NATIONAL HARBOR, Md. — At the Navy League’s Sea-Air-Space Expo 2026, HII will showcase a next-generation framework for joint, mission-enabled maritime operations that integrates naval warships, modular and containerized capabilities, autonomous unmanned systems, and open-architecture mission technologies aligned to the U.S. Navy chief of naval operations’ Hedge Strategy Fighting Instructions.
The approach spans maritime, air, space, cyber and land domains, emphasizing flexible, interoperable assets designed to let commanders generate intelligence, surveillance and reconnaissance capabilities and combat power from anywhere in the battlespace. The company describes it as a force-multiplying system-of-systems built to plug directly into the joint force and deliver tailored distributed maritime effects at scale.
“This is about connecting platforms and enabling the mission,” said Eric Chewning, executive vice president of maritime systems and corporate strategy at HII. “Through open architecture, modular design, and rapid deployment models, we enable seamless integration of advanced technologies across platforms. By investing in autonomy and AI, we ensure that the U.S. Navy, Joint Force, and allied navies can adapt in real time to emerging threats using scalable, interoperable solutions.”
The industrial strategy underscores a shift from concentrated force to distributed, integrated operations across domains, featuring autonomy and manned-unmanned teaming. It moves away from platform-centric operations toward a networked model in which sensing, decision-making and effects are decoupled from single systems or linear kill chains.
Combining core fleet ships, autonomous systems and mission-enabling technologies, the framework is intended to help commanders tailor forces to operationalize the Hedge Strategy and warfighting concepts through scalable formations of manned-unmanned platforms. It is also designed to enable data collected in one domain to produce effects in another, supporting joint and coalition operations and allowing geographically dispersed forces to deliver outcomes at greater speed, scale and tempo.
At the center of the operational architecture is the HII-developed and government-owned Minotaur Mission Management System, an open-architecture command-and-control platform that fuses maritime, air, space and undersea sensor data into a unified operational picture and enables contributions to joint tracking, targeting and fires. Built on open architecture, Minotaur is intended to ensure that platforms like ROMULUS and future systems can integrate into joint and coalition operations without creating dependencies on any single platform, with the goal of faster decisions, tighter integration and effects delivered across the battlespace with speed and precision.

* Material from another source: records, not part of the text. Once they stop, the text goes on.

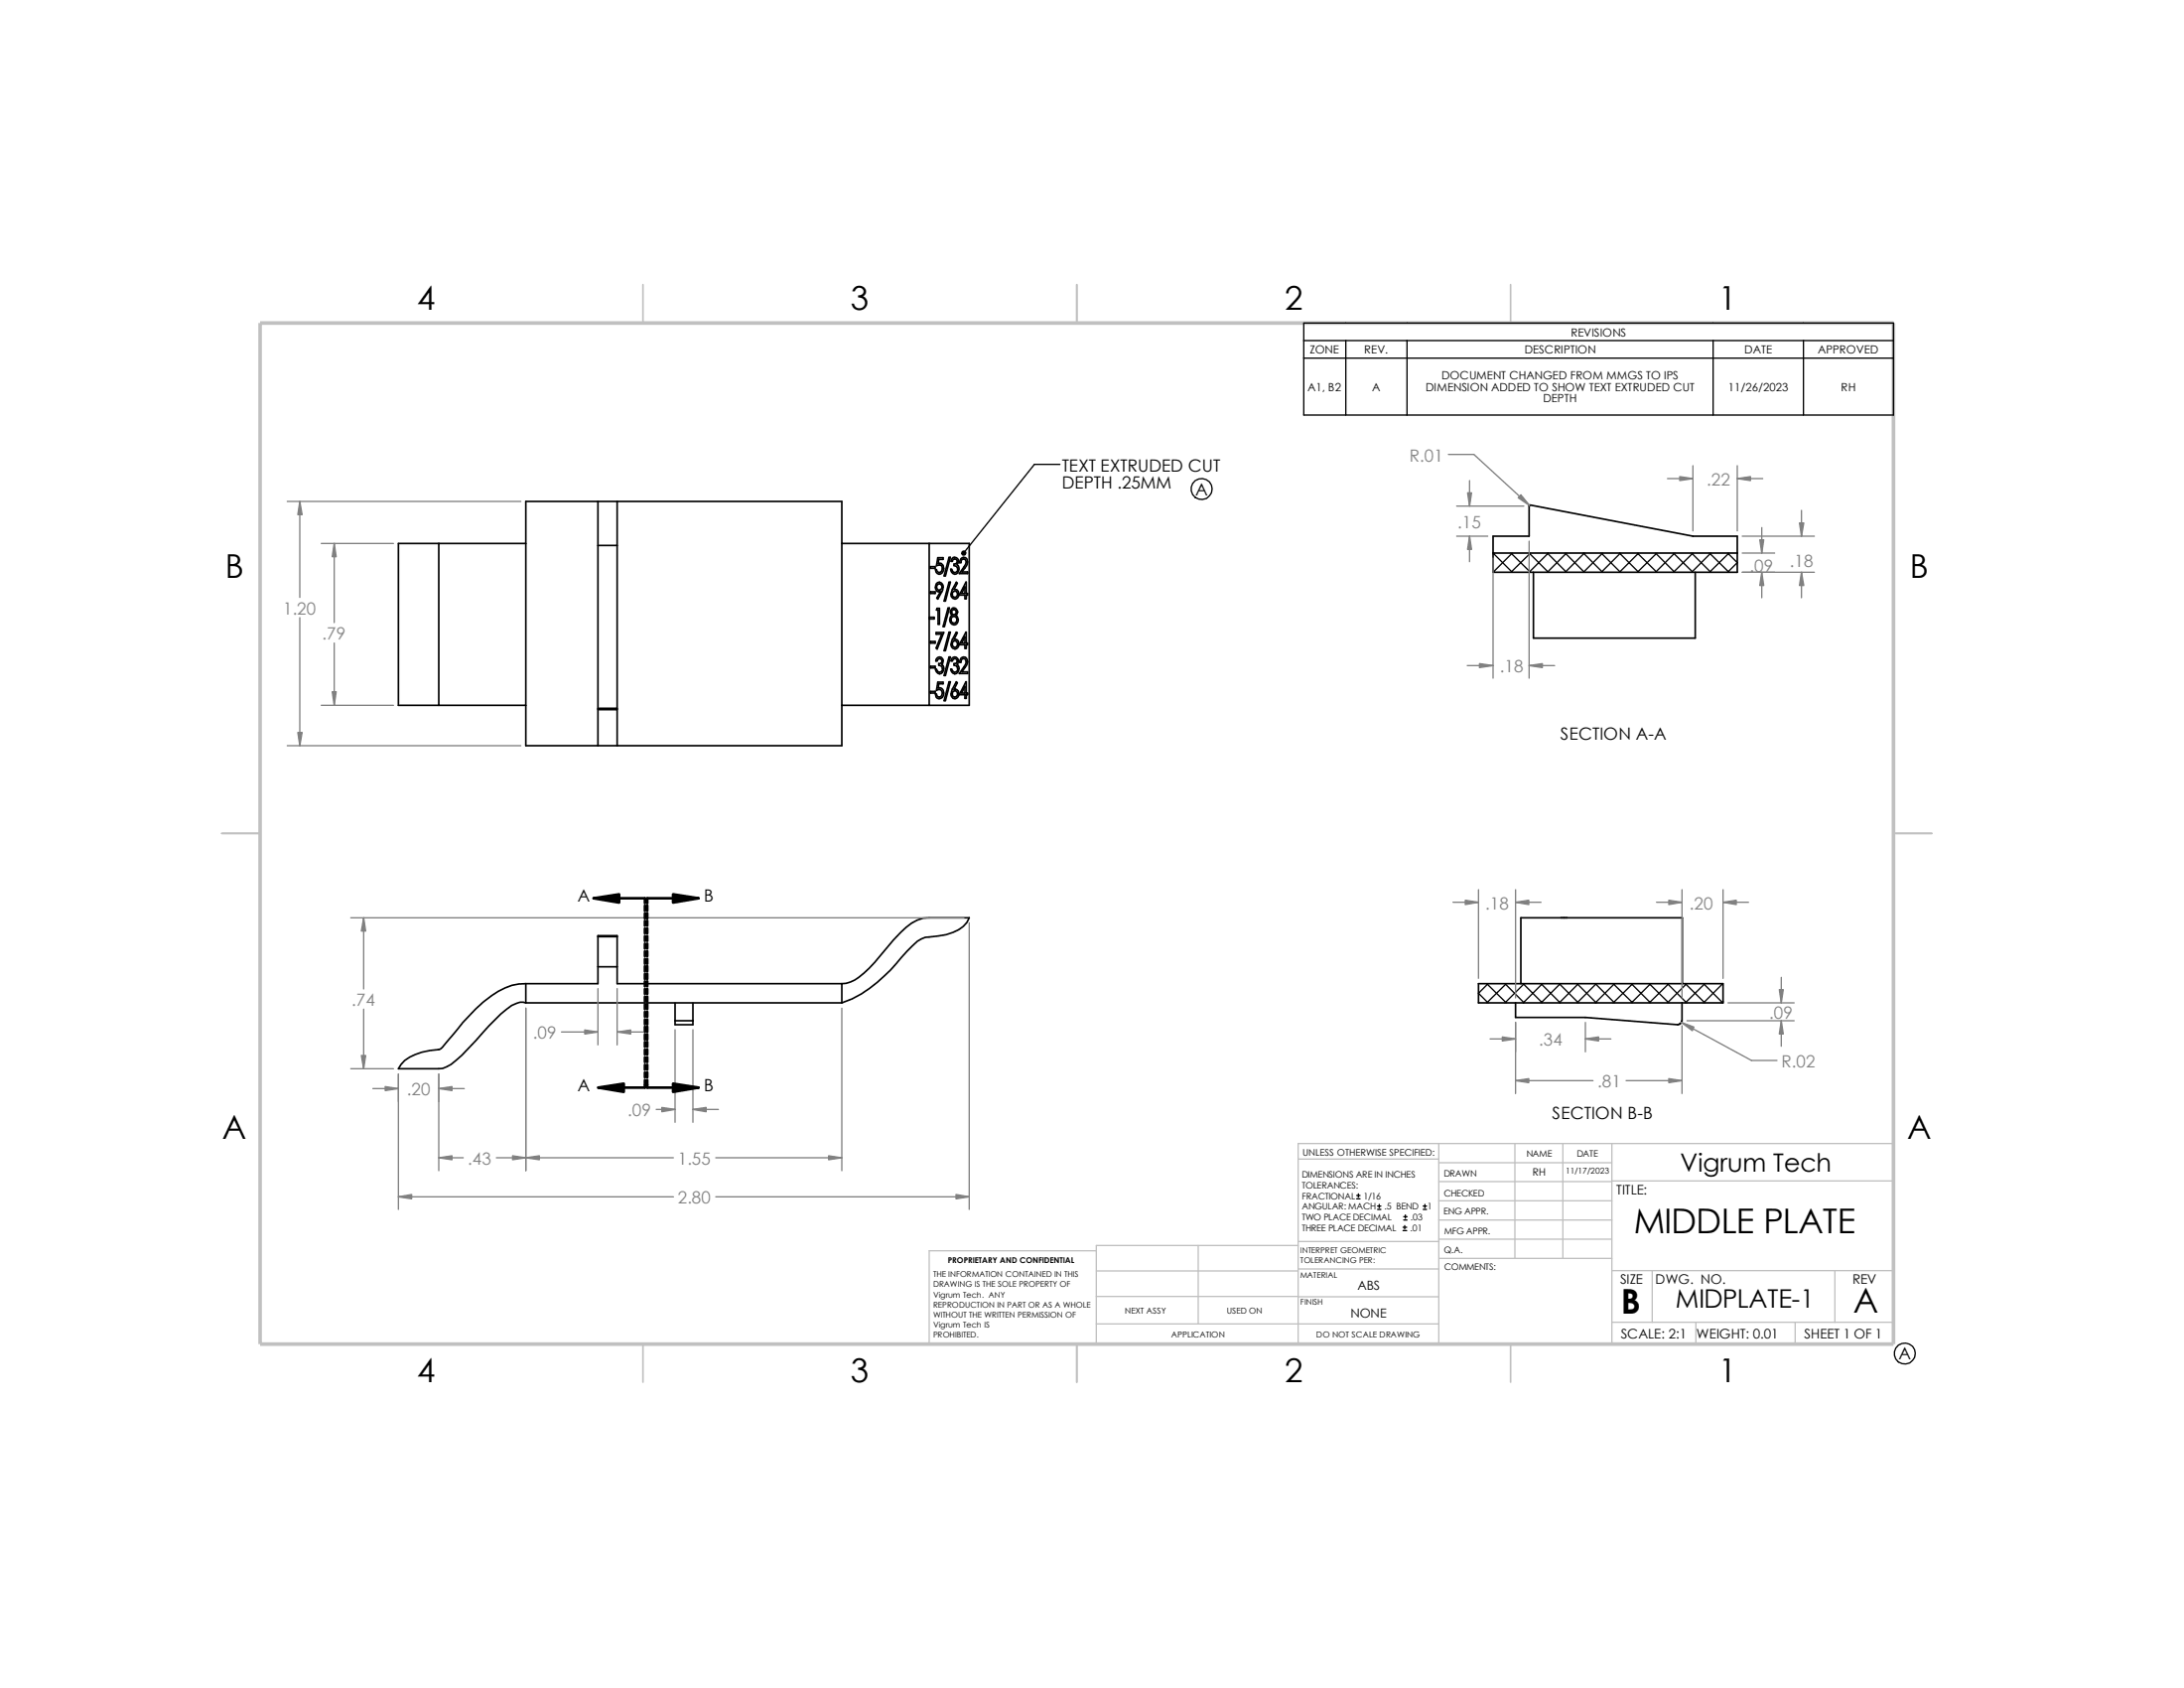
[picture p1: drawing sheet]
<svg xmlns="http://www.w3.org/2000/svg" width="279mm" height="216mm" viewBox="0 0 279 216" stroke-linecap="round" stroke-linejoin="round" font-family="sans-serif">
<g fill="none" stroke="#c0c0c0" stroke-width=".17">
<path d="M140.3 160h-21.4v11.9M153.3 159.3v10M166.1 148.3h18M166.1 159.3h-25.8v12.6M166.1 158.8h18M184.1 148.7h22.1M184.1 151.1h22.1M184.1 153.6h22.1M184.1 158.5h22.1M184.1 156h22.1M184.1 146.3v25.6M193.8 146.3v14.7"/>
<path d="M199.9 146.3v14.7M206.2 151h36M206.2 146.3v25.6M242.2 146.3h-76.1v25.6M140.3 169.3h43.8M140.3 162.6h25.8M140.3 165.8h25.8M166.1 162.3h18M166.1 165.9h18M184.1 161h22.1M206.2 169.1h36M206.2 162.5h36"/>
<path d="M211.4 162.5v6.6M217 169.1v2.8M229.7 169.1v2.8M234.7 162.5v6.6"/>
</g>
<path d="M82.3 36.4v4.9M137.8 36.4v4.9M193.3 36.4v4.9M28.4 106.6h4.9M242.2 106.6h4.9M82.3 171.9v4.9M137.8 171.9v4.9M193.3 171.9v4.9" fill="none" stroke="#c0c0c0" stroke-width=".21"/>
<path d="M33.3 41.3h208.9v130.6h-208.9z" fill="none" stroke="#c0c0c0" stroke-width=".47"/>
<g fill="none" stroke="#000" stroke-width=".21">
<path d="M56.1 69.5h11.2M56.1 69.5h-5.1v20.7h5.1M56.1 69.5v20.7M67.3 64.1h40.4v31.3h-40.4zM76.5 64.1v26.5M76.5 69.8h2.5M79 64.1v26.5M107.7 69.5h11.2M118.9 69.5v20.7M118.9 69.5h5.1v20.7h-5.1M118.9 79h.6v.2h-.6zM119 72.5h.6v.2h-.6z"/>
<path d="M119 75.7h.6v.2h-.6zM119.8 74.6a.5 .5 0 0 1 .6 0 .5 .5 0 0 1 .2 .5v.3l-.6 1.2-.2-.1 .5-.8h-.2a.6 .6 0 0 1-.4-.9zM119.9 74.8a.37 .37 0 0 1 .5 0 .37 .37 0 0 1 0 .5 .37 .37 0 0 1-.5 .1 .42 .42 0 0 1 0-.6zM119.9 77.8h.3v2h-.2v-1.8h-.2zM120 71.3h.6v.2h-.5l-.1 .6h.1a.63 .63 0 0 1 .6 .9 .51 .51 0 0 1-.4 .4 .51 .51 0 0 1-.5-.2l-.1-.3h.1v.1a.35 .35 0 0 0 .3 .2 .35 .35 0 0 0 .4-.2l.1-.3a.45 .45 0 0 0-.3-.4 .45 .45 0 0 0-.5 0zM121.3 77.8h.2l-.7 2.3h-.2zM121.4 71.3h.2l-.7 2.4h-.1zM121.4 74.5h.2l-.7 2.4h-.1zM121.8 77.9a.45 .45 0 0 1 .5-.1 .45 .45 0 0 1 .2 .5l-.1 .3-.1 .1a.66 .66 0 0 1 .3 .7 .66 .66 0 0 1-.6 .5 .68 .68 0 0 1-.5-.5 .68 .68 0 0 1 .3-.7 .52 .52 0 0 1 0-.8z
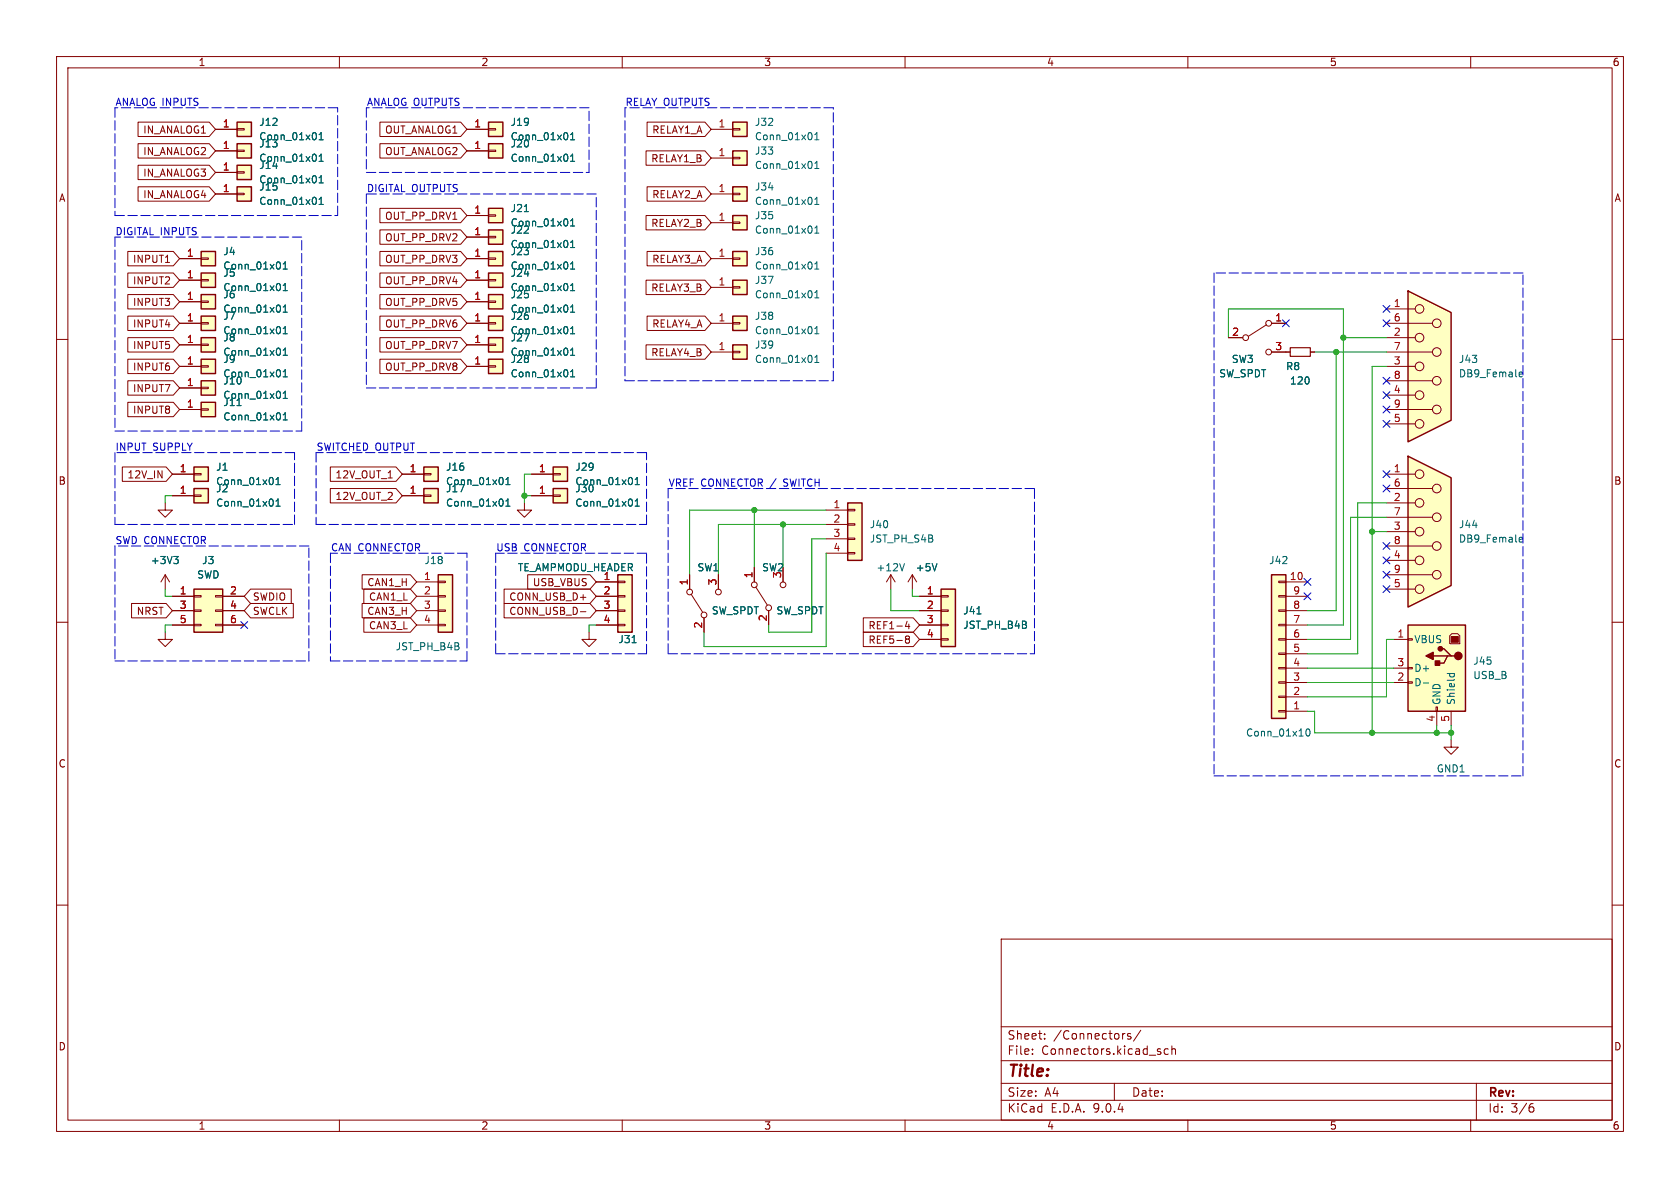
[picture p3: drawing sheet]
<svg xmlns="http://www.w3.org/2000/svg" width="297mm" height="210mm" viewBox="0 0 297 210" stroke-linecap="round" stroke-linejoin="round" font-family="sans-serif">
<g fill="none" stroke="#840000" stroke-width=".18">
<path d="M10 10h277v190h-277zM12 12h273v186h-273zM60 10v2M110 10v2M160 10v2M210 10v2M260 10v2M10 60h2M285 60h2M29.2 88.9v1.3h1.3l-1.3 1.2-1.3-1.2h1.3M10 110h2M285 110h2"/>
<path d="M10 160h2M177 166h108v32h-108zM285 160h2M60 198v2M110 198v2M160 198v2M177 194.5h108M177 191.5h108M177 187.5h108M177 181.5h108M182.5 186.3v.1M182.5 185.5v.1"/>
<path d="M184.7 183.6v.1M184.7 182.8v.1M197 191.5v3M198.7 182.7h.2M199.9 182.8l-.4-.1-.2 .2 .1 .2 .5 .2v.3h-.6M201.7 182.1l-1.3 2M205.2 186v.3M206.5 185.5l-.4-.1-.3 .3v.4l.2 .2h.5M207.2 185.5l.2-.1 .3 .1 .1 .9M207.2 184.9v1.5M210 198v2M260 198v2"/>
<path d="M261 191.5v6.5M270.6 195.7h.4l.2 .3-.1 .5-.5 .1M271 195.1l-.4 .1"/>
</g>
<path d="M77.5 101.6h2.5v10.2h-2.5z" fill="#ffffc2"/>
<path d="M77.5 101.6h2.5v10.2h-2.5z" fill="none" stroke="#840000" stroke-width=".25"/>
<path d="M73.7 102.9h3.8M73.7 105.4h3.8M73.7 108h3.8M73.7 110.5h3.8M77.5 102.7h1.2v.3h-1.2zM77.5 105.3h1.2v.2h-1.2zM77.5 107.8h1.2v.3h-1.2zM77.5 110.4h1.2v.2h-1.2z" fill="none" stroke="#840000" stroke-width=".18"/>
<path d="M34.3 104.1h5.1v7.7h-5.1z" fill="#ffffc2"/>
<path d="M34.3 104.1h5.1v7.7h-5.1z" fill="none" stroke="#840000" stroke-width=".25"/>
<g fill="none" stroke="#840000" stroke-width=".18">
<path d="M29.2 111.8v1.2h1.3l-1.3 1.3-1.3-1.3h1.3M30.5 105.4h3.8M30.5 108h3.8M30.5 110.5h3.8M34.3 105.3h1.3v.2h-1.3zM34.3 107.8h1.3v.3h-1.3zM34.3 110.4h1.3v.2h-1.3zM38.1 105.3h1.3v.2h-1.3zM38.1 107.8h1.3v.3h-1.3zM38.1 110.4h1.3v.2h-1.3zM39.4 105.4h3.8M39.4 108h3.8"/>
<path d="M39.4 110.5h3.8"/>
</g>
<path d="M74.9 86.4h2.6v2.5h-2.6z" fill="#ffffc2"/>
<path d="M74.9 86.4h2.6v2.5h-2.6z" fill="none" stroke="#840000" stroke-width=".25"/>
<path d="M71.1 87.6h3.8M74.9 87.5h1.3v.3h-1.3z" fill="none" stroke="#840000" stroke-width=".18"/>
<path d="M89.4 89.5h.8M89.4 88.6l.4-.4v1.3" fill="none" stroke="#006464" stroke-width=".18"/>
<path d="M74.9 82.6h2.6v2.5h-2.6z" fill="#ffffc2"/>
<path d="M74.9 82.6h2.6v2.5h-2.6z" fill="none" stroke="#840000" stroke-width=".25"/>
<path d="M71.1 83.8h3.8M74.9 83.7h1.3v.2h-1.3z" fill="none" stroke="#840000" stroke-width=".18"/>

Autonomous operations are coordinated through HII’s Odyssey Autonomous Control System, which applies autonomy algorithms and artificial intelligence for navigation, coordinated behaviors and distributed sensing missions. Integrated with Minotaur, Odyssey enables operators to supervise and manage multiple unmanned platforms simultaneously, centralizes command and control of distributed unmanned assets, increases data collection and operational reach, and shortens the sensor-to-shooter timeline to improve survivability and lethality in contested environments.
HII emphasizes containerized, mission-ready payloads that can be rapidly deployed across a range of manned and unmanned maritime platforms, supporting reduced integration timelines and costs, rapid force reconfiguration, and distributed maritime and joint operations without platform dependency.
The concept is positioned to support the Navy’s evolving Hedge Strategy by providing commanders with more flexible, scalable options for presence and combat power. While aircraft carrier strike groups remain the centerpiece of U.S. naval power projection, distributed, unmanned-enabled forces are described as expanding their reach, extending awareness and creating additional dilemmas for adversaries.
By prioritizing open architecture and interoperability, commercial acquisition models, rapid integration and deployment cycles, and continuous iteration at the operational edge, HII is presenting a shift toward speed, adaptability and mission-focused innovation in maritime power.